If you're type has only concrete field then it will be densely packed
regardless of wether it's immutable or not.
On Tuesday, 3 March 2015 17:15:20 UTC, Mauro wrote:
>
> > Mauro, I do not quite understand what you're saying about densely packed
> > arrays, could you explain a bit more?
>
> Consider:
>
> julia> immutable A
> x::Float64
> y::Float64
> end
>
> julia> type B
> x::Float64
> y::Float64
> end
>
> julia> a = [A(4,5), A(5,6)]
> 2-element Array{A,1}:
> A(4.0,5.0)
> A(5.0,6.0)
>
> julia> b = [B(4,5), B(5,6)]
> 2-element Array{B,1}:
> B(4.0,5.0)
> B(5.0,6.0)
>
> Then in memory `a` is actually identical to:
>
> [4., 5., 5., 6.]
>
> (or
> [4. 5.; 5. 6.] )
>
> As Julia knows that the type of `a` is Vector{A}, it knows how to
> interpret that junk of memory.

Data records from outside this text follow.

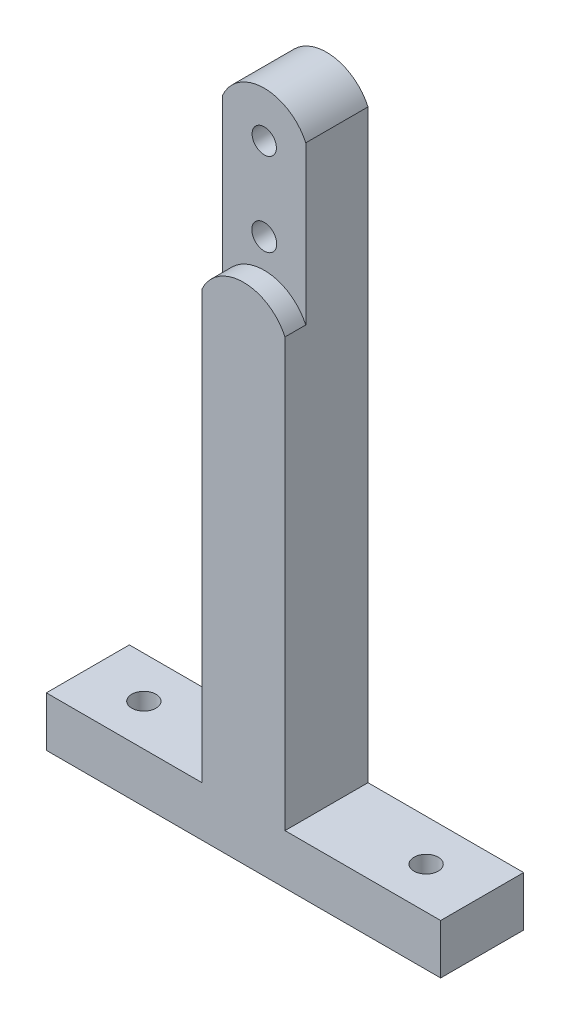
ISO-10303-21;
HEADER;
FILE_DESCRIPTION(('STEP AP214'),'2;1');
FILE_NAME('part.step','',(''),(''),'','','');
FILE_SCHEMA(('AUTOMOTIVE_DESIGN { 1 0 10303 214 1 1 1 1 }'));
ENDSEC;
DATA;
#1=APPLICATION_CONTEXT('core data for automotive mechanical design processes');
#2=APPLICATION_PROTOCOL_DEFINITION('international standard','automotive_design',2000,#1);
#3=PRODUCT_CONTEXT('',#1,'mechanical');
#4=PRODUCT('Part','Part','',(#3));
#5=PRODUCT_RELATED_PRODUCT_CATEGORY('part','',(#4));
#6=PRODUCT_DEFINITION_FORMATION('','',#4);
#7=PRODUCT_DEFINITION_CONTEXT('part definition',#1,'design');
#8=PRODUCT_DEFINITION('design','',#6,#7);
#9=PRODUCT_DEFINITION_SHAPE('','',#8);
#10=(LENGTH_UNIT() NAMED_UNIT(*) SI_UNIT(.MILLI.,.METRE.));
#11=(NAMED_UNIT(*) PLANE_ANGLE_UNIT() SI_UNIT($,.RADIAN.));
#12=(NAMED_UNIT(*) SI_UNIT($,.STERADIAN.) SOLID_ANGLE_UNIT());
#13=UNCERTAINTY_MEASURE_WITH_UNIT(LENGTH_MEASURE(1.E-05),#10,'distance_accuracy_value','');
#14=(GEOMETRIC_REPRESENTATION_CONTEXT(3) GLOBAL_UNCERTAINTY_ASSIGNED_CONTEXT((#13)) GLOBAL_UNIT_ASSIGNED_CONTEXT((#10,
#11,#12)) REPRESENTATION_CONTEXT('',''));
#15=CARTESIAN_POINT('',(0.,0.,0.));
#16=DIRECTION('',(0.,0.,1.));
#17=DIRECTION('',(1.,0.,0.));
#18=AXIS2_PLACEMENT_3D('',#15,#16,#17);
#19=CARTESIAN_POINT('',(0.,-132.83,20.));
#20=DIRECTION('',(0.,0.,-1.));
#21=DIRECTION('',(-1.,0.,0.));
#22=AXIS2_PLACEMENT_3D('',#19,#20,#21);
#23=CYLINDRICAL_SURFACE('',#22,11.);
#24=CARTESIAN_POINT('',(0.,-132.83,15.));
#25=DIRECTION('',(0.,0.,1.));
#26=DIRECTION('',(1.,0.,0.));
#27=AXIS2_PLACEMENT_3D('',#24,#25,#26);
#28=CIRCLE('',#27,11.);
#29=CARTESIAN_POINT('',(10.,-128.247424305044,15.));
#30=VERTEX_POINT('',#29);
#31=CARTESIAN_POINT('',(-10.,-128.247424305044,15.));
#32=VERTEX_POINT('',#31);
#33=EDGE_CURVE('E202',#30,#32,#28,.T.);
#34=ORIENTED_EDGE('',*,*,#33,.F.);
#35=DIRECTION('',(0.,0.,-1.));
#36=VECTOR('',#35,1.);
#37=CARTESIAN_POINT('',(10.,-128.247424305044,20.));
#38=LINE('',#37,#36);
#39=CARTESIAN_POINT('',(10.,-128.247424305044,0.));
#40=VERTEX_POINT('',#39);
#41=EDGE_CURVE('E91',#30,#40,#38,.T.);
#42=ORIENTED_EDGE('',*,*,#41,.T.);
#43=CARTESIAN_POINT('',(0.,-132.83,0.));
#44=DIRECTION('',(0.,0.,1.));
#45=DIRECTION('',(-1.,0.,0.));
#46=AXIS2_PLACEMENT_3D('',#43,#44,#45);
#47=CIRCLE('',#46,11.);
#48=CARTESIAN_POINT('',(-10.,-128.247424305044,0.));
#49=VERTEX_POINT('',#48);
#50=EDGE_CURVE('E140',#40,#49,#47,.T.);
#51=ORIENTED_EDGE('',*,*,#50,.T.);
#52=DIRECTION('',(0.,0.,-1.));
#53=VECTOR('',#52,1.);
#54=CARTESIAN_POINT('',(-10.,-128.247424305044,20.));
#55=LINE('',#54,#53);
#56=EDGE_CURVE('E11',#32,#49,#55,.T.);
#57=ORIENTED_EDGE('',*,*,#56,.F.);
#58=EDGE_LOOP('',(#34,#42,#51,#57));
#59=FACE_BOUND('',#58,.T.);
#60=ADVANCED_FACE('F34',(#59),#23,.T.);
#61=CARTESIAN_POINT('',(0.,-152.83,20.));
#62=DIRECTION('',(0.,0.,-1.));
#63=DIRECTION('',(-1.,0.,0.));
#64=AXIS2_PLACEMENT_3D('',#61,#62,#63);
#65=CYLINDRICAL_SURFACE('',#64,3.);
#66=CARTESIAN_POINT('',(0.,-152.83,0.));
#67=DIRECTION('',(0.,0.,1.));
#68=DIRECTION('',(1.,0.,0.));
#69=AXIS2_PLACEMENT_3D('',#66,#67,#68);
#70=CIRCLE('',#69,3.);
#71=CARTESIAN_POINT('',(3.00000000000001,-152.83,0.));
#72=VERTEX_POINT('',#71);
#73=EDGE_CURVE('E143',#72,#72,#70,.T.);
#74=ORIENTED_EDGE('',*,*,#73,.F.);
#75=EDGE_LOOP('',(#74));
#76=FACE_BOUND('',#75,.T.);
#77=CARTESIAN_POINT('',(0.,-152.83,15.));
#78=DIRECTION('',(0.,0.,1.));
#79=DIRECTION('',(1.,0.,0.));
#80=AXIS2_PLACEMENT_3D('',#77,#78,#79);
#81=CIRCLE('',#80,3.);
#82=CARTESIAN_POINT('',(3.00000000000001,-152.83,15.));
#83=VERTEX_POINT('',#82);
#84=EDGE_CURVE('E189',#83,#83,#81,.T.);
#85=ORIENTED_EDGE('',*,*,#84,.T.);
#86=EDGE_LOOP('',(#85));
#87=FACE_BOUND('',#86,.T.);
#88=ADVANCED_FACE('F240',(#76,#87),#65,.F.);
#89=CARTESIAN_POINT('',(0.,-132.83,20.));
#90=DIRECTION('',(0.,0.,-1.));
#91=DIRECTION('',(-1.,0.,0.));
#92=AXIS2_PLACEMENT_3D('',#89,#90,#91);
#93=CYLINDRICAL_SURFACE('',#92,2.925);
#94=CARTESIAN_POINT('',(0.,-132.83,0.));
#95=DIRECTION('',(0.,0.,1.));
#96=DIRECTION('',(1.,0.,0.));
#97=AXIS2_PLACEMENT_3D('',#94,#95,#96);
#98=CIRCLE('',#97,2.925);
#99=CARTESIAN_POINT('',(2.925,-132.83,0.));
#100=VERTEX_POINT('',#99);
#101=EDGE_CURVE('E186',#100,#100,#98,.T.);
#102=ORIENTED_EDGE('',*,*,#101,.F.);
#103=EDGE_LOOP('',(#102));
#104=FACE_BOUND('',#103,.T.);
#105=CARTESIAN_POINT('',(0.,-132.83,15.));
#106=DIRECTION('',(0.,0.,1.));
#107=DIRECTION('',(1.,0.,0.));
#108=AXIS2_PLACEMENT_3D('',#105,#106,#107);
#109=CIRCLE('',#108,2.925);
#110=CARTESIAN_POINT('',(2.925,-132.83,15.));
#111=VERTEX_POINT('',#110);
#112=EDGE_CURVE('E37',#111,#111,#109,.T.);
#113=ORIENTED_EDGE('',*,*,#112,.T.);
#114=EDGE_LOOP('',(#113));
#115=FACE_BOUND('',#114,.T.);
#116=ADVANCED_FACE('F244',(#104,#115),#93,.F.);
#117=CARTESIAN_POINT('',(0.,-132.83,20.));
#118=DIRECTION('',(0.,0.,-1.));
#119=DIRECTION('',(-1.,0.,0.));
#120=AXIS2_PLACEMENT_3D('',#117,#118,#119);
#121=PLANE('',#120);
#122=DIRECTION('',(0.,1.,0.));
#123=VECTOR('',#122,1.);
#124=CARTESIAN_POINT('',(10.,-128.247424305044,20.));
#125=LINE('',#124,#123);
#126=CARTESIAN_POINT('',(10.,-269.247424305044,20.));
#127=VERTEX_POINT('',#126);
#128=CARTESIAN_POINT('',(10.,-166.247424305044,20.));
#129=VERTEX_POINT('',#128);
#130=EDGE_CURVE('E135',#127,#129,#125,.T.);
#131=ORIENTED_EDGE('',*,*,#130,.T.);
#132=CARTESIAN_POINT('',(0.,-170.83,20.));
#133=DIRECTION('',(0.,0.,-1.));
#134=DIRECTION('',(-1.,0.,0.));
#135=AXIS2_PLACEMENT_3D('',#132,#133,#134);
#136=CIRCLE('',#135,11.);
#137=CARTESIAN_POINT('',(-10.,-166.247424305044,20.));
#138=VERTEX_POINT('',#137);
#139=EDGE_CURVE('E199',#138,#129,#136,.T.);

Conversely, `b` is a vector of pointers
> which point to the two instances of `B`. So, working with b is slower
> than an Array{Float64,2} whereas a should be just as fast.
>
> > Thanks,
> > Chris
> >
> > On Tuesday, March 3, 2015 at 11:41:53 AM UTC-5, Mauro wrote:
> >>
> >> > I believe if all your type fields are concrete (which they are in the
> >> case
> >> > of Float64), the performance should be the same as using
> >> Vector{Float64}.
> >> > This is really nice since you get to use code that is much more
> >> > understandable like state.x instead of state[1] for no penalty.
> >>
> >> I think to get densely packed array the type needs to be immutable:
> >>
> >> immutable StateVec
> >> x::Float64
> >> y::Float64
> >> z::Float64
> >> end
> >>
> >> Otherwise it will be an array of pointers.